My current work in progress:

Seaforth designed by Alice Starmore, knit in British Breeds 5-ply Guernsey Wool on US 3 needles.


When Will I Learn?

My 2019 knitting has had an inauspicious start.

Shortly before the new year, I started work on Big Love by ANKESTRiCK, using one of the suggested yarns — Ístex Léttlopi. After working on it on New Year’s Eve, I quickly realized that the resulting sweater would be far to warm for me, given the thickness of the knitted fabric at the suggested gauge. I started it over on New Year’s Day using Rowan Pure Wool Superwash Worsted from my stash — it made a lighter weight fabric at the required gauge.

But this past week I abandoned the project, for a couple of reasons.

The entire thing is knit in one piece. Why, why, WHY do designers design such a large heavy garment in one piece? This is an aran weight jacket, for pete’s sake. Granted it is a very clever design with very clever shaping, and I liked the look of the finished product, but once I got past the armholes (it is knit from the top down) I found it unbearable to work on. Way too much “stuff” on the needle, way too much warmth, even for sitting and knitting in the winter.

The other reason for abandonment: I don’t like the texture stitch used to knit the body. It does not look good in the yarn I chose.

When I threw it down in disgust after knitting just three rows one night last week. I realized that finishing it would be a big chore, not a relaxing knit. So into the frog pond it went.

And I need to remind myself that when I search Ravelry for patterns for worsted or heavier yarn, be sure to refine the search by selecting “seamed” construction. Argh. Of course, in my opinion, every garment should be seamed (unless there is a darn good reason not to work with seams, like in the case of stranded colorwork) as the structure provided by seams makes it hand better.

To counter that sad experience, I’ll post a recent success:

This is my modified version of Svenson by Jared Flood. I did not blog about it because it was knitted in stealth as a holiday gift.

I did some pretty major modifications to the raglan sleeve shaping and the neckline. The original pattern had a weirdly wide neck that I knew the recipient would not like, and changing that necessitated changing the raglan shaping. I also shortened the sleeves quite a bit.

So you can imagine how relieved I was when the finished sweater fit the recipient perfectly!

It is knit from Wollmeise Merino DK in the 12 Mg colorway.

Book Giveaway

Thanks to everyone who left a comment to be entered in the giveaway for my review copy of Gradient Style: Color-Shifting Techniques & Knitting Patterns. The winner of my copy is sewknit2 who has been emailed.


It’s snowing today. Here is how Loki deals with that.


  1. Thanks for the review of Big Love, I’ve been considering that one. Will think it over some more. The gift sweater is beautiful!

  2. I love the floof between Loki’s toes!

  3. I am glad to hear you say that about seaming.
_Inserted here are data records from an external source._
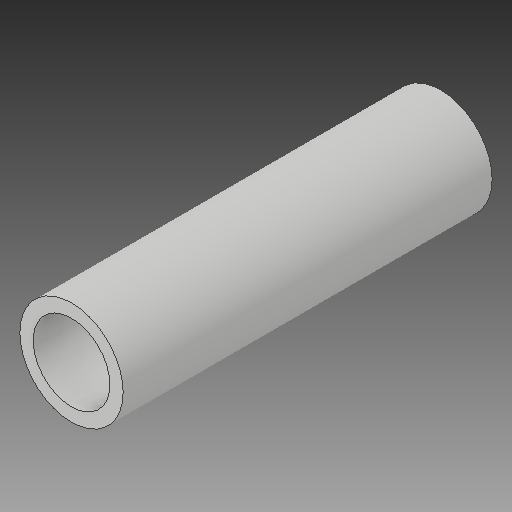
# Autodesk Inventor part: 25mmspacer
Saved by Autodesk Inventor 2018 (Build 220112000, 112)
## iProperties
Created: 2016-07-22
Part Number: 25mmspacer
Material: Generic
Document SubType Name: Modeling
Designer: User
Density: 1 g/cm^3
Appearance: Default
Mass: 0.431184 g
Surface Area: 9.9268 cm^2
Volume: 0.431184 cm^3
Author: User
Autodesk Inventor part; units mm, degrees
ref_plane "YZ Plane" through (0, 0, 0) normal (1, 0, 0) x (0, 1, 0)
ref_plane "XZ Plane" through (0, 0, 0) normal (0, 1, 0) x (-1, 0, 0)
ref_plane "XY Plane" through (0, 0, 0) normal (0, 0, 1) x (1, 0, 0)
sketch "Sketch1" plane through (0, 0, 0) normal (0, 0, 1) x (1, 0, 0)
  circle A0 centre (1.7813, 12.6893) radius 2.5 projected
  circle A1 centre (1.7813, 12.6893) radius 2.6
  circle A2 centre (1.7813, 12.6893) radius 3.5
  point P0 (0, 0)
  dimension "d0" = 5.2
  dimension "d1" = 7
  constraints: 2 centre point, 2 coincident
  measures "d0" diameter of A1
  measures "d1" diameter of A2
extrude "Extrusion1" add sketch "Sketch1" along normal blind 25 contours A2
body "Solid1"

It is always an education to read your posts!

    Loki has some serious paw floof!

  4. Good to know, because I like that cardi. With fibromyalgia, I can’t knit heavy knitting any more; too painful… Loki is beautiful!
    Jocelyne´s last blog post ..Le swap de DOLLLS hiver 2018/19 – Les contes de fée

  5. Very sorry to hear that “Big Love” did not turn out to be big love for you. Especially considering that the pattern and Léttlopi go perfectly together as Léttlopi garments are very light and (the way I see it) become better and softer (without sagging) the more they are worn.
    Happy knitting – Carina.

  6. I love knitting in the round. I, on the other hand, can’t stand seaming. My seams turn out wonky and have to be redone multiple times, thus it takes me forever to finish projects with seams. I do all I can to find projects in the round or to make or modify them to one piece or as few pieces as possible. Guess that’s why there are different ways. Lol. The Jared Flood pattern is beautiful though. Keep up the beautiful work.

  7. I love knitting in the round. I, on the other hand, can’t stand seaming. My seams turn out wonky and have to be redone multiple times, thus it takes me forever to finish projects with seams. I do all I can to find projects in the round or to make or modify them to one piece or as few pieces as possible. Guess that’s why there are different ways. Lol. The Jared Flood pattern is beautiful though. Keep up the beautiful work.

  8. “When Will I Learn? ”
    I said those same words myself a couple weeks ago. I also ditched a sweater I was working on in favor of one knit in pieces. I do not care for seaming as I am not very good at it, but I get better each time.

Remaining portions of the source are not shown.